Furniture etailer Worldstores.com has partnered with payday loan company Wonga to offer customers a new online payment tool, PayLater, which allows them to spread the cost of a purchase over three months. Retail Week looks at the pros and cons of offering such payment options.
Why are we talking about this now?
Furniture etailer Worldstores.com has partnered with payday loan company Wonga to offer customers a new online payment tool which allows them to spread the cost of a purchase over three months. It is the second retailer to use the service following a trial with The Cotswold Company which began in December.
What pay-later schemes exist and how do they work?
The Worldstores.com service involves consumers paying an upfront fee of 7% to Wonga. After that, repayments are made once a month for three months. It is seen as an alternative to credit cards. The tactic has been popular with catalogue and big ticket retailers from DFS to Currys for many years. Currys offers shoppers a Buy Now, Pay Later service which allows them to pay a one-off £25 settlement fee and spread the cost of the product over 36 months with no interest to pay.
What are the benefits?
The payment option allows shoppers to have the items they want instantly, regardless of the money in their account that day. During the recession, the method has been increasingly popular as shoppers opt to delay full payment for an item until either their personal finances improve or they have been paid. For retailers, it allows them to reach a new customer base that wants an alternative to credit cards.

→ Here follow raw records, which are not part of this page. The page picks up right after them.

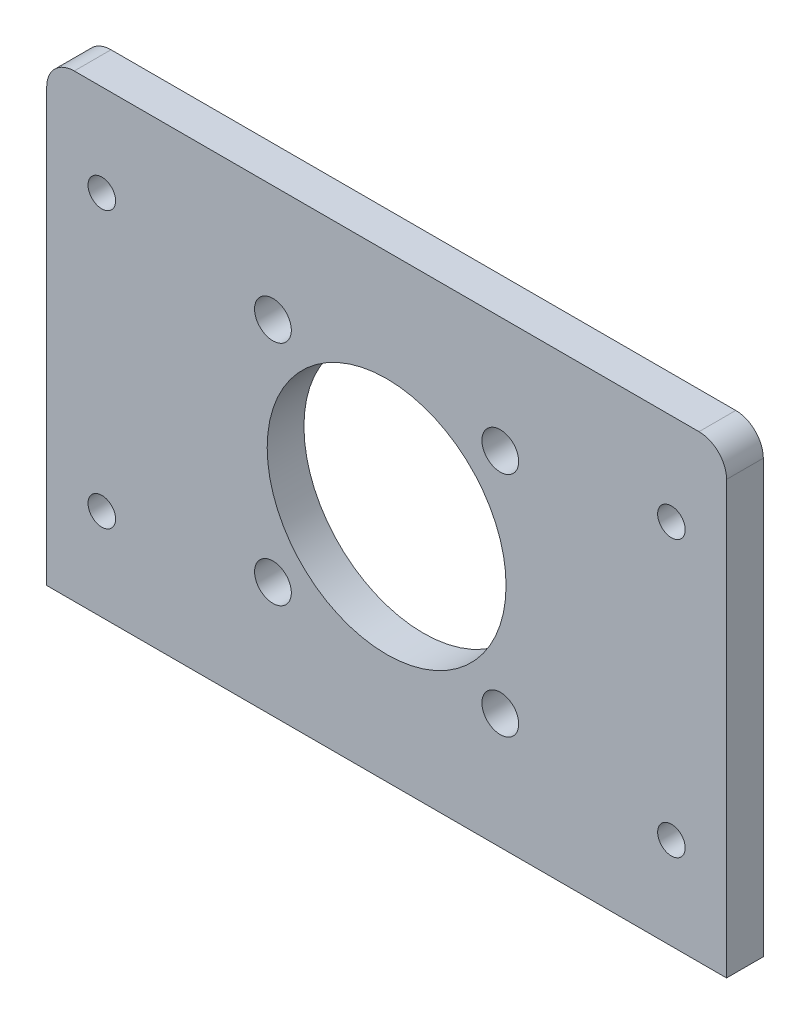
ISO-10303-21;
HEADER;
FILE_DESCRIPTION(('STEP AP214'),'2;1');
FILE_NAME('part.step','',(''),(''),'','','');
FILE_SCHEMA(('AUTOMOTIVE_DESIGN { 1 0 10303 214 1 1 1 1 }'));
ENDSEC;
DATA;
#1=APPLICATION_CONTEXT('core data for automotive mechanical design processes');
#2=APPLICATION_PROTOCOL_DEFINITION('international standard','automotive_design',2000,#1);
#3=PRODUCT_CONTEXT('',#1,'mechanical');
#4=PRODUCT('Part','Part','',(#3));
#5=PRODUCT_RELATED_PRODUCT_CATEGORY('part','',(#4));
#6=PRODUCT_DEFINITION_FORMATION('','',#4);
#7=PRODUCT_DEFINITION_CONTEXT('part definition',#1,'design');
#8=PRODUCT_DEFINITION('design','',#6,#7);
#9=PRODUCT_DEFINITION_SHAPE('','',#8);
#10=(LENGTH_UNIT() NAMED_UNIT(*) SI_UNIT(.MILLI.,.METRE.));
#11=(NAMED_UNIT(*) PLANE_ANGLE_UNIT() SI_UNIT($,.RADIAN.));
#12=(NAMED_UNIT(*) SI_UNIT($,.STERADIAN.) SOLID_ANGLE_UNIT());
#13=UNCERTAINTY_MEASURE_WITH_UNIT(LENGTH_MEASURE(1.E-05),#10,'distance_accuracy_value','');
#14=(GEOMETRIC_REPRESENTATION_CONTEXT(3) GLOBAL_UNCERTAINTY_ASSIGNED_CONTEXT((#13)) GLOBAL_UNIT_ASSIGNED_CONTEXT((#10,
#11,#12)) REPRESENTATION_CONTEXT('',''));
#15=CARTESIAN_POINT('',(0.,0.,0.));
#16=DIRECTION('',(0.,0.,1.));
#17=DIRECTION('',(1.,0.,0.));
#18=AXIS2_PLACEMENT_3D('',#15,#16,#17);
#19=CARTESIAN_POINT('',(37.,-25.,4.));
#20=DIRECTION('',(-1.,0.,0.));
#21=DIRECTION('',(0.,0.,1.));
#22=AXIS2_PLACEMENT_3D('',#19,#20,#21);
#23=PLANE('',#22);
#24=DIRECTION('',(0.,1.,0.));
#25=VECTOR('',#24,1.);
#26=CARTESIAN_POINT('',(37.,-25.,0.));
#27=LINE('',#26,#25);
#28=CARTESIAN_POINT('',(37.,-25.,0.));
#29=VERTEX_POINT('',#28);
#30=CARTESIAN_POINT('',(37.,22.,0.));
#31=VERTEX_POINT('',#30);
#32=EDGE_CURVE('E115',#29,#31,#27,.T.);
#33=ORIENTED_EDGE('',*,*,#32,.T.);
#34=DIRECTION('',(0.,0.,-1.));
#35=VECTOR('',#34,1.);
#36=CARTESIAN_POINT('',(37.,22.,4.));
#37=LINE('',#36,#35);
#38=CARTESIAN_POINT('',(37.,22.,4.));
#39=VERTEX_POINT('',#38);
#40=EDGE_CURVE('E59',#31,#39,#37,.F.);
#41=ORIENTED_EDGE('',*,*,#40,.T.);
#42=DIRECTION('',(0.,1.,0.));
#43=VECTOR('',#42,1.);
#44=CARTESIAN_POINT('',(37.,-25.,4.));
#45=LINE('',#44,#43);
#46=CARTESIAN_POINT('',(37.,-25.,4.));
#47=VERTEX_POINT('',#46);
#48=EDGE_CURVE('E123',#47,#39,#45,.T.);
#49=ORIENTED_EDGE('',*,*,#48,.F.);
#50=DIRECTION('',(0.,0.,-1.));
#51=VECTOR('',#50,1.);
#52=CARTESIAN_POINT('',(37.,-25.,4.));
#53=LINE('',#52,#51);
#54=EDGE_CURVE('E107',#47,#29,#53,.T.);
#55=ORIENTED_EDGE('',*,*,#54,.T.);
#56=EDGE_LOOP('',(#33,#41,#49,#55));
#57=FACE_BOUND('',#56,.T.);
#58=ADVANCED_FACE('F36',(#57),#23,.F.);
#59=CARTESIAN_POINT('',(-37.,25.,4.));
#60=DIRECTION('',(0.,-1.,0.));
#61=DIRECTION('',(0.,0.,-1.));
#62=AXIS2_PLACEMENT_3D('',#59,#60,#61);
#63=PLANE('',#62);
#64=DIRECTION('',(-1.,0.,0.));
#65=VECTOR('',#64,1.);
#66=CARTESIAN_POINT('',(-37.,25.,4.));
#67=LINE('',#66,#65);
#68=CARTESIAN_POINT('',(34.,25.,4.));
#69=VERTEX_POINT('',#68);
#70=CARTESIAN_POINT('',(-34.,25.,4.));
#71=VERTEX_POINT('',#70);
#72=EDGE_CURVE('E97',#69,#71,#67,.T.);
#73=ORIENTED_EDGE('',*,*,#72,.F.);
#74=DIRECTION('',(0.,0.,-1.));
#75=VECTOR('',#74,1.);
#76=CARTESIAN_POINT('',(34.,25.,4.));
#77=LINE('',#76,#75);
#78=CARTESIAN_POINT('',(34.,25.,0.));
#79=VERTEX_POINT('',#78);
#80=EDGE_CURVE('E126',#69,#79,#77,.T.);
#81=ORIENTED_EDGE('',*,*,#80,.T.);
#82=DIRECTION('',(-1.,0.,0.));
#83=VECTOR('',#82,1.);
#84=CARTESIAN_POINT('',(-37.,25.,0.));
#85=LINE('',#84,#83);
#86=CARTESIAN_POINT('',(-34.,25.,0.));
#87=VERTEX_POINT('',#86);
#88=EDGE_CURVE('E117',#79,#87,#85,.T.);
#89=ORIENTED_EDGE('',*,*,#88,.T.);
#90=DIRECTION('',(0.,0.,-1.));
#91=VECTOR('',#90,1.);
#92=CARTESIAN_POINT('',(-34.,25.,4.));
#93=LINE('',#92,#91);
#94=EDGE_CURVE('E106',#87,#71,#93,.F.);
#95=ORIENTED_EDGE('',*,*,#94,.T.);
#96=EDGE_LOOP('',(#73,#81,#89,#95));
#97=FACE_BOUND('',#96,.T.);
#98=ADVANCED_FACE('F139',(#97),#63,.F.);
#99=CARTESIAN_POINT('',(-37.,-25.,4.));
#100=DIRECTION('',(1.,0.,0.));
#101=DIRECTION('',(0.,0.,-1.));
#102=AXIS2_PLACEMENT_3D('',#99,#100,#101);
#103=PLANE('',#102);
#104=DIRECTION('',(0.,-1.,0.));
#105=VECTOR('',#104,1.);
#106=CARTESIAN_POINT('',(-37.,-25.,4.));
#107=LINE('',#106,#105);
#108=CARTESIAN_POINT('',(-37.,22.,4.));
#109=VERTEX_POINT('',#108);
#110=CARTESIAN_POINT('',(-37.,-25.,4.));
#111=VERTEX_POINT('',#110);
#112=EDGE_CURVE('E89',#109,#111,#107,.T.);
#113=ORIENTED_EDGE('',*,*,#112,.F.);
#114=DIRECTION('',(0.,0.,-1.));
#115=VECTOR('',#114,1.);
#116=CARTESIAN_POINT('',(-37.,22.,4.));
#117=LINE('',#116,#115);
#118=CARTESIAN_POINT('',(-37.,22.,0.));
#119=VERTEX_POINT('',#118);
#120=EDGE_CURVE('E11',#109,#119,#117,.T.);
#121=ORIENTED_EDGE('',*,*,#120,.T.);
#122=DIRECTION('',(0.,-1.,0.));
#123=VECTOR('',#122,1.);
#124=CARTESIAN_POINT('',(-37.,-25.,0.));
#125=LINE('',#124,#123);
#126=CARTESIAN_POINT('',(-37.,-25.,0.));
#127=VERTEX_POINT('',#126);
#128=EDGE_CURVE('E103',#119,#127,#125,.T.);
#129=ORIENTED_EDGE('',*,*,#128,.T.);
#130=DIRECTION('',(0.,0.,-1.));
#131=VECTOR('',#130,1.);
#132=CARTESIAN_POINT('',(-37.,-25.,4.));
#133=LINE('',#132,#131);
#134=EDGE_CURVE('E100',#111,#127,#133,.T.);
#135=ORIENTED_EDGE('',*,*,#134,.F.);
#136=EDGE_LOOP('',(#113,#121,#129,#135));
#137=FACE_BOUND('',#136,.T.);
#138=ADVANCED_FACE('F101',(#137),#103,.F.);
#139=CARTESIAN_POINT('',(-37.,-25.,4.));
#140=DIRECTION('',(0.,1.,0.));
#141=DIRECTION('',(0.,0.,1.));
#142=AXIS2_PLACEMENT_3D('',#139,#140,#141);
#143=PLANE('',#142);
#144=DIRECTION('',(1.,0.,0.));
#145=VECTOR('',#144,1.);
#146=CARTESIAN_POINT('',(-37.,-25.,0.));
#147=LINE('',#146,#145);
#148=EDGE_CURVE('E122',#127,#29,#147,.T.);
#149=ORIENTED_EDGE('',*,*,#148,.T.);
#150=ORIENTED_EDGE('',*,*,#54,.F.);
#151=DIRECTION('',(1.,0.,0.));
#152=VECTOR('',#151,1.);
#153=CARTESIAN_POINT('',(-37.,-25.,4.));
#154=LINE('',#153,#152);
#155=EDGE_CURVE('E93',#111,#47,#154,.T.);
#156=ORIENTED_EDGE('',*,*,#155,.F.);
#157=ORIENTED_EDGE('',*,*,#134,.T.);
#158=EDGE_LOOP('',(#149,#150,#156,#157));
#159=FACE_BOUND('',#158,.T.);
#160=ADVANCED_FACE('F109',(#159),#143,.F.);
#161=CARTESIAN_POINT('',(0.,0.,4.));
#162=DIRECTION('',(0.,0.,-1.));
#163=DIRECTION('',(-1.,0.,0.));
#164=AXIS2_PLACEMENT_3D('',#161,#162,#163);
#165=PLANE('',#164);
#166=CARTESIAN_POINT('',(31.,-15.,4.));
#167=DIRECTION('',(0.,0.,1.));
#168=DIRECTION('',(-1.,0.,0.));
#169=AXIS2_PLACEMENT_3D('',#166,#167,#168);
#170=CIRCLE('',#169,1.5);
#171=CARTESIAN_POINT('',(29.5,-15.,4.));
#172=VERTEX_POINT('',#171);
#173=EDGE_CURVE('E196',#172,#172,#170,.T.);
#174=ORIENTED_EDGE('',*,*,#173,.F.);
#175=EDGE_LOOP('',(#174));
#176=FACE_BOUND('',#175,.T.);
#177=CARTESIAN_POINT('',(-31.,-15.,4.));
#178=DIRECTION('',(0.,0.,-1.));
#179=DIRECTION('',(1.,0.,0.));
#180=AXIS2_PLACEMENT_3D('',#177,#178,#179);
#181=CIRCLE('',#180,1.5);
#182=CARTESIAN_POINT('',(-29.5,-15.,4.));
#183=VERTEX_POINT('',#182);
#184=EDGE_CURVE('E190',#183,#183,#181,.T.);
#185=ORIENTED_EDGE('',*,*,#184,.T.);
#186=EDGE_LOOP('',(#185));
#187=FACE_BOUND('',#186,.T.);
#188=CARTESIAN_POINT('',(31.,15.,4.));
#189=DIRECTION('',(0.,0.,-1.));
#190=DIRECTION('',(-1.,0.,0.));
#191=AXIS2_PLACEMENT_3D('',#188,#189,#190);
#192=CIRCLE('',#191,1.5);
#193=CARTESIAN_POINT('',(29.5,15.,4.));
#194=VERTEX_POINT('',#193);
#195=EDGE_CURVE('E184',#194,#194,#192,.T.);
#196=ORIENTED_EDGE('',*,*,#195,.T.);
#197=EDGE_LOOP('',(#196));
#198=FACE_BOUND('',#197,.T.);
#199=CARTESIAN_POINT('',(-31.,15.,4.));
#200=DIRECTION('',(0.,0.,1.));
#201=DIRECTION('',(1.,0.,0.));
#202=AXIS2_PLACEMENT_3D('',#199,#200,#201);
#203=CIRCLE('',#202,1.5);
#204=CARTESIAN_POINT('',(-29.5,15.,4.));
#205=VERTEX_POINT('',#204);
#206=EDGE_CURVE('E178',#205,#205,#203,.T.);
#207=ORIENTED_EDGE('',*,*,#206,.F.);
#208=EDGE_LOOP('',(#207));
#209=FACE_BOUND('',#208,.T.);
#210=CARTESIAN_POINT('',(-12.3743686707646,-12.3743686707646,4.));
#211=DIRECTION('',(0.,0.,1.));
#212=DIRECTION('',(-1.,0.,0.));
#213=AXIS2_PLACEMENT_3D('',#210,#211,#212);
#214=CIRCLE('',#213,2.);
#215=CARTESIAN_POINT('',(-14.3743686707646,-12.3743686707646,4.));
#216=VERTEX_POINT('',#215);
#217=EDGE_CURVE('E172',#216,#216,#214,.T.);
#218=ORIENTED_EDGE('',*,*,#217,.F.);
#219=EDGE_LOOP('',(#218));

Manchester Business School retail analyst Tarlok Teji says: “If you want to buy a sofa or a TV at 0% interest it’s a perfectly sensible option. People feel they are getting a good deal and it’s great for the consumer psyche.”
What are the drawbacks?
The payment option often sparks controversy, with some loan companies, and the retailers that partner with them, being criticised for encouraging people to rack up debt, as it is often offered to shoppers who have been rejected by credit card firms due to a poor credit history. Store groups including rent-to-buy retailer BrightHouse have come under fire for their high interest repayment terms.
What is their future?
Wonga is in advanced discussions with a number electricals, sports, and home and garden retailers about adding PayLater as an online payment option. As the depressed economy continues to pile pressure on shoppers’ disposable incomes, pay-later schemes show no signs of dying out. Teji adds: “As long as consumer confidence is low then people will not make big upfront purchases.